For those who want to get a preview before installing their own hub, here are two screenshots of the interface, the first one about publishing data, where you can see #tag mappings, as well as broadcasting to Twitter.

And in that second one, you can see a list of posts, with links to RDF data, hashtags mapped to URIs, etc.

You can also have a look at my SMOB hub here.

SMOB v2.0 is available through its download page and is licensed under the terms of the GNU GPL as its previous release. In addition, we are happy to provide commercial support for it, such as development of new features or custom integration of SMOB for enterprise microblogging purposes. For any enquiry about these commercial services, simply send an e-mail to at alexandre.passant[AT]deri.org, indicating [SMOB Support] in the subject line.

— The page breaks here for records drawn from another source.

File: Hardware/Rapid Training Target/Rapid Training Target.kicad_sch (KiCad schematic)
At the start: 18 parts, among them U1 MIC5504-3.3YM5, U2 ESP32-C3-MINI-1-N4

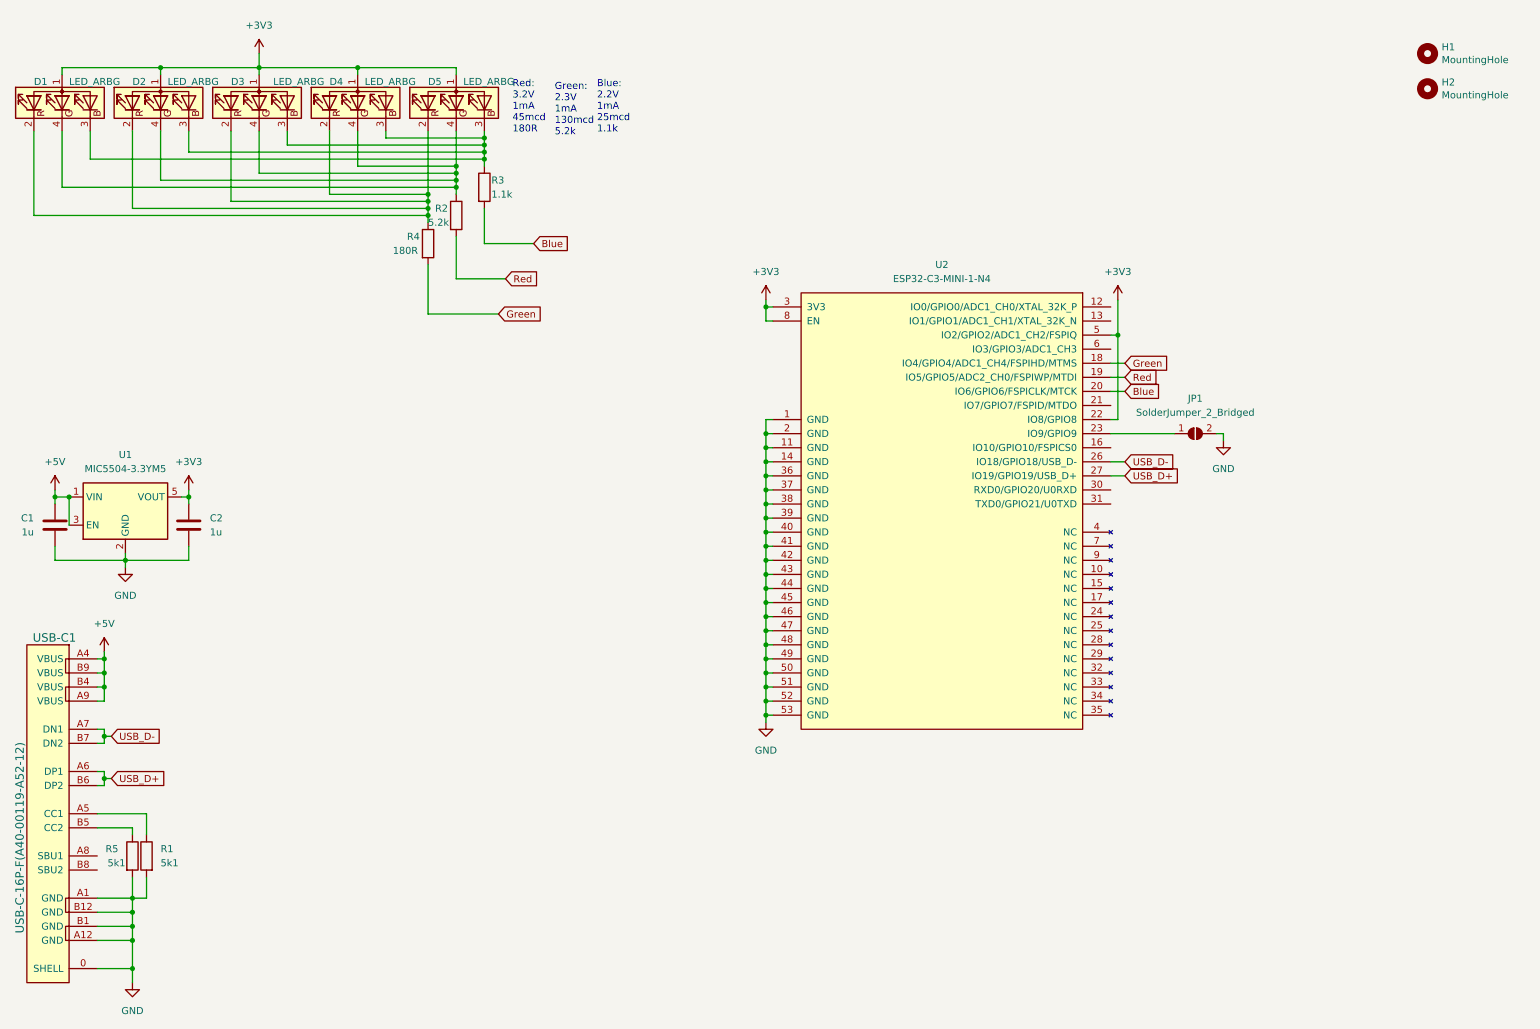
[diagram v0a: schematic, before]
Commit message: updated boot buttons on receiver
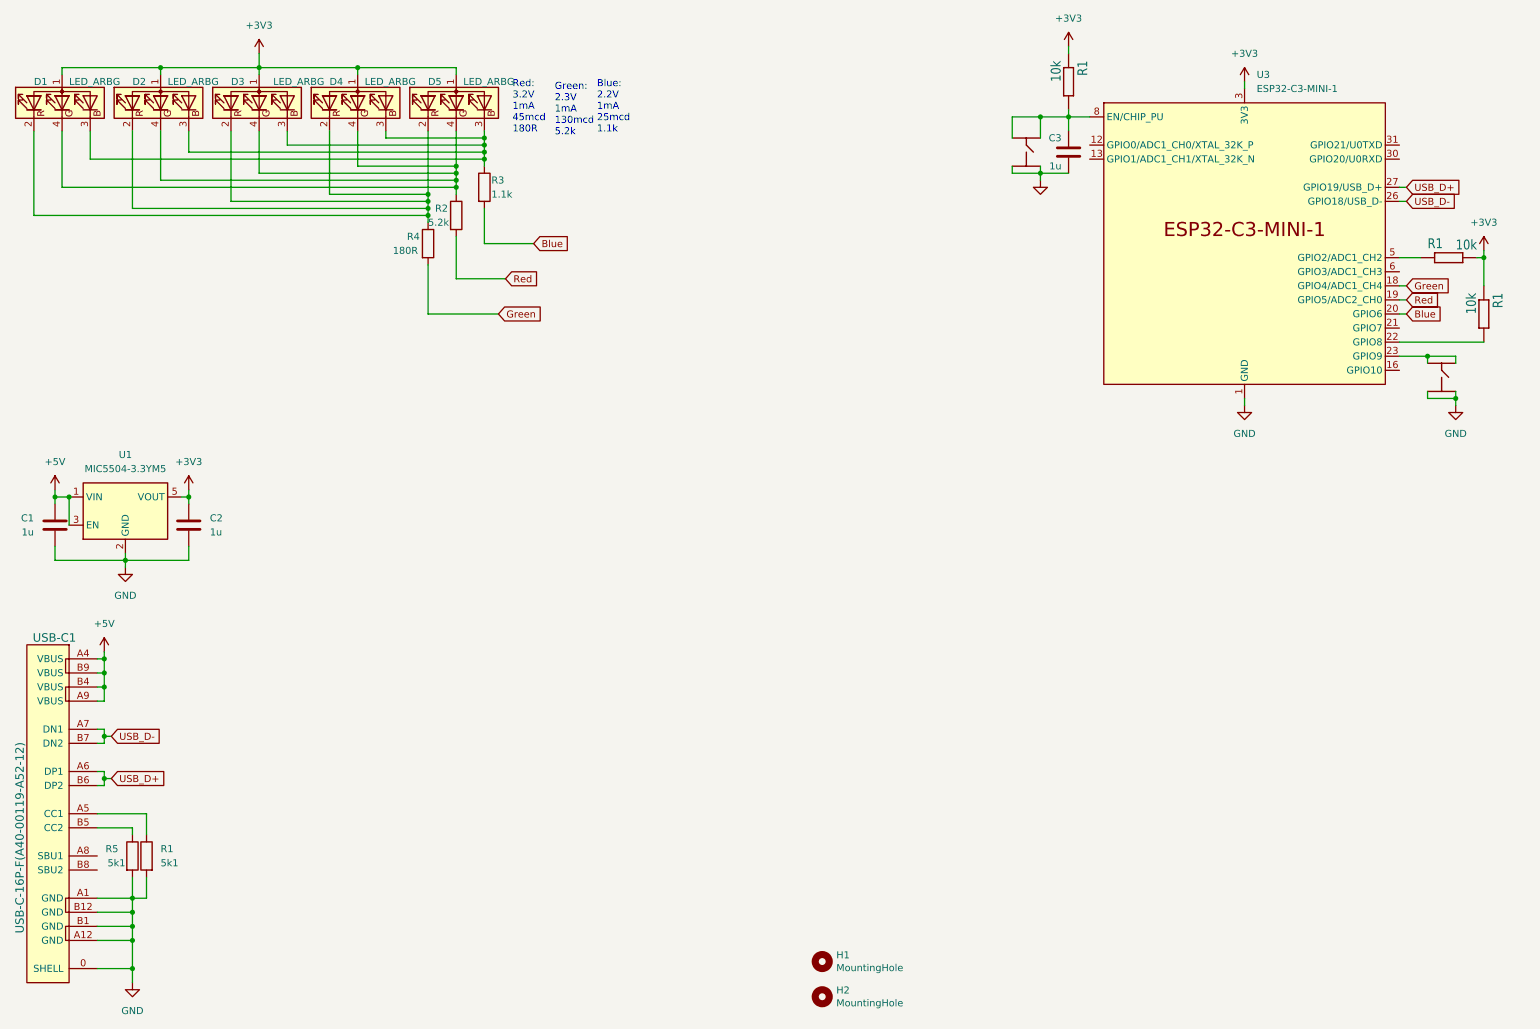
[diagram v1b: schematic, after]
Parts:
- removed JP1: SolderJumper_2_Bridged, Jumper:SolderJumper-2_P1.3mm_Open_RoundedPad1.0x1.5mm, symbol Jumper:SolderJumper_2_Open
- removed U2: ESP32-C3-MINI-1-N4, Personal:ESP32-­C3-­MINI­-1, symbol personal2:ESP32-­C3-­MINI­-1
- added C3: 1u, Capacitor_SMD:C_0603_1608Metric, symbol Device:C
- added R1 (x3): 10k, Resistor_SMD:R_0603_1608Metric, symbol picoclick_c3_v1.1-eagle-import:moekoe_rcl_R0402
- added U3: ESP32-C3-MINI-1, PCM_Espressif:ESP32-C3-MINI-1, symbol PCM_Espressif:ESP32-C3-MINI-1
- added s1, s2: BUTTON_4PIN_TS_1177, rapidtraining:TS-1177-C-B-B, symbol personal2:BUTTON_4PIN_TS_1177
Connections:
- net +3V3: now also R1.1, R1.1, R1.2, U3.3 (3V3)
- net Blue: now also U3.20 (GPIO6)
- net GND: now also C3.2, U3.1 (GND), U3.11 (GND), U3.14 (GND), U3.2 (GND), U3.36 (GND), U3.37 (GND), U3.38 (GND), U3.39 (GND), U3.40 (GND), U3.41 (GND), U3.42 (GND), U3.43 (GND), U3.44 (GND), U3.45 (GND), U3.46 (GND), U3.47 (GND), U3.48 (GND), U3.49 (GND), U3.50 (GND), U3.51 (GND), U3.52 (GND), U3.53 (GND), s1.P3 (3), s1.P4 (4), s2.P3 (3), s2.P4 (4)
- net Green: now also U3.18 (GPIO4/ADC1_CH4)
- net Red: now also U3.19 (GPIO5/ADC2_CH0)
- net USB_D+: now also U3.27 (GPIO19/USB_D+)
- net USB_D-: now also U3.26 (GPIO18/USB_D-)
- new net: U3.23 (GPIO9), s2.P1 (1), s2.P2 (2)
- new net: C3.1, R1.2, U3.8 (EN/CHIP_PU), s1.P1 (1), s1.P2 (2)
- new net: R1.2, U3.22 (GPIO8)
- new net: R1.1, U3.5 (GPIO2/ADC1_CH2)
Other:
- moved on the sheet: H1, H2

Oh, and finally, SMOB graduated and now got its own domain at http://smob.me. Enjoy Semantic Microblogging !

RDFa profile and new URI

I just added a short profile about myself embedding RDFa that aims to replace my old FOAF file, in which I already moved some things (i.e. relationships) to external services.

I also gave me a nicer URI, http://apassant.net/alex that uses content-negociation to redirect either to the HTML version of this profile or to the extracted RDF one, depending on the Accept header, combining some rewrite rules that Ivan Herman defined for the SW Faq and the .htaccess used for the Flickr wrapper. My old foaf.rdf file is also now redirected to this extracted profile, and I’m using an owl:sameAs in RDFa link to be compliant with services that uses my old URI.

# Old foaf.rdf compliance
RedirectPermanent /foaf.rdf http://www.w3.org/2007/08/pyRdfa/extract?uri=http://apassant.net/about/
# RDF redirect for my URI
RewriteCond %{HTTP_ACCEPT} application/rdf+xml
RewriteRule ^alex$ http://www.w3.org/2007/08/pyRdfa/extract?uri=http://apassant.net/about/ [R=303,L]
# HTML redirect for my URI
RewriteRule ^alex$ about [R=303,L]

I’m also wondering, since this profile is used as http://apassant.net homepage which is also my OpenID URL, how it will work when loggin on websites using SparqlPress + OpenID as ARC2 embeds an RDFa extractor so that it should discover my FOAF data without using any autodiscovery link.